Data extracted from a collection
- - - - -

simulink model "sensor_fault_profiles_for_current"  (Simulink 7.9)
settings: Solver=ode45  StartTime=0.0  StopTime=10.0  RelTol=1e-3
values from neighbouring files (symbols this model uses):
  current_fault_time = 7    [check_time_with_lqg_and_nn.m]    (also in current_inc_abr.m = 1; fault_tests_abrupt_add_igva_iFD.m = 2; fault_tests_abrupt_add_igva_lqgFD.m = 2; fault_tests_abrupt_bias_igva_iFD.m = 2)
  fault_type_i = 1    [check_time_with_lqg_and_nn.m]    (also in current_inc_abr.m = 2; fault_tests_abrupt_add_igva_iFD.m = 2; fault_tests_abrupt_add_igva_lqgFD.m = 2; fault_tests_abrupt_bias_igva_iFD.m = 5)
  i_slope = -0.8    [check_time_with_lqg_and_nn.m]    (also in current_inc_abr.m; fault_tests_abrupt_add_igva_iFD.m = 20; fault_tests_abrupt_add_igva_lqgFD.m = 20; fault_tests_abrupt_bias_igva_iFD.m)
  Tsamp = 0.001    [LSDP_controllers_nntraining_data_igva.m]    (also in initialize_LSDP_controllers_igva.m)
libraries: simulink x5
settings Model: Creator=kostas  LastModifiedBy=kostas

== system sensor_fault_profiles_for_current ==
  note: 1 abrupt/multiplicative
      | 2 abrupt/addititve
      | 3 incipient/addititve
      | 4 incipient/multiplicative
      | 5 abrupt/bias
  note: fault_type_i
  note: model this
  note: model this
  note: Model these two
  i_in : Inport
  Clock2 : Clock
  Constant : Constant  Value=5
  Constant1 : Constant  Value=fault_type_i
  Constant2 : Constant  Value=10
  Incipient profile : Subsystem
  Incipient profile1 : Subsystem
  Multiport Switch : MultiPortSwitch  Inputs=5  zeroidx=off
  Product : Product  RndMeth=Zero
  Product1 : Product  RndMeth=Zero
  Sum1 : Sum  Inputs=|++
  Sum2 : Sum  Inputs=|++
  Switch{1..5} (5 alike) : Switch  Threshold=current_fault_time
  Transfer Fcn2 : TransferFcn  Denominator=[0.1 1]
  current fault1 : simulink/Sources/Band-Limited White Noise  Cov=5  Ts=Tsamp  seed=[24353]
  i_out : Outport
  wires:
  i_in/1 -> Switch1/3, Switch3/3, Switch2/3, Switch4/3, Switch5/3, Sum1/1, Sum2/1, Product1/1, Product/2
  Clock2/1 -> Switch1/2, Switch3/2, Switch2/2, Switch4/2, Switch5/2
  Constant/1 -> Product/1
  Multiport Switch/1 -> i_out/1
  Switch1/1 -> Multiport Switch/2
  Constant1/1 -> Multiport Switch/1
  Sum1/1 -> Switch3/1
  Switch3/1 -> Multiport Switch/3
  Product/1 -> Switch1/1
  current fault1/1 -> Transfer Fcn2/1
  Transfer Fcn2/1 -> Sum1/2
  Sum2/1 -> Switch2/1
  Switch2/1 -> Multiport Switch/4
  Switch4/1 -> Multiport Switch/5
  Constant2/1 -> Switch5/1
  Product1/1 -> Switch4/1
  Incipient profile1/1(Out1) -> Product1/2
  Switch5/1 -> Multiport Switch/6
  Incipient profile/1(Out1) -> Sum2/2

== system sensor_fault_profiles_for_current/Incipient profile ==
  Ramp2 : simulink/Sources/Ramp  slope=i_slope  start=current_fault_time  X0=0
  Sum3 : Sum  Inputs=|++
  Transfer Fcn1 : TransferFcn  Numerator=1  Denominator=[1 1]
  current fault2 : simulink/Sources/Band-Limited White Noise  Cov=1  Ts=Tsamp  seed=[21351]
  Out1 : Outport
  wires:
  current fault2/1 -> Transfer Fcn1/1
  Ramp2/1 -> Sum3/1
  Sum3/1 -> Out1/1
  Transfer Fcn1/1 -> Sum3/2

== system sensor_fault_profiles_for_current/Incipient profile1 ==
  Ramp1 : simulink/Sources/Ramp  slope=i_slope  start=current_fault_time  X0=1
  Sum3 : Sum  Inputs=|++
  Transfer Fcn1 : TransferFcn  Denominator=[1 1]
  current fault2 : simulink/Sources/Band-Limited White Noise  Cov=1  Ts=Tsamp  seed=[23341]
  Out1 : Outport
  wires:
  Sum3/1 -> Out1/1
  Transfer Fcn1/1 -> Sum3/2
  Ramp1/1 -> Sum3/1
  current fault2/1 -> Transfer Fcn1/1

- - - - -

What is needed
Using the data above, transcribe the lines that run from the line with "Multiport Switch : MultiPortSwitch" to the line with "Constant/1 -> Product/1", both ends kept, and output nothing else.

Task result
  Multiport Switch : MultiPortSwitch  Inputs=5  zeroidx=off
  Product : Product  RndMeth=Zero
  Product1 : Product  RndMeth=Zero
  Sum1 : Sum  Inputs=|++
  Sum2 : Sum  Inputs=|++
  Switch{1..5} (5 alike) : Switch  Threshold=current_fault_time
  Transfer Fcn2 : TransferFcn  Denominator=[0.1 1]
  current fault1 : simulink/Sources/Band-Limited White Noise  Cov=5  Ts=Tsamp  seed=[24353]
  i_out : Outport
  wires:
  i_in/1 -> Switch1/3, Switch3/3, Switch2/3, Switch4/3, Switch5/3, Sum1/1, Sum2/1, Product1/1, Product/2
  Clock2/1 -> Switch1/2, Switch3/2, Switch2/2, Switch4/2, Switch5/2
  Constant/1 -> Product/1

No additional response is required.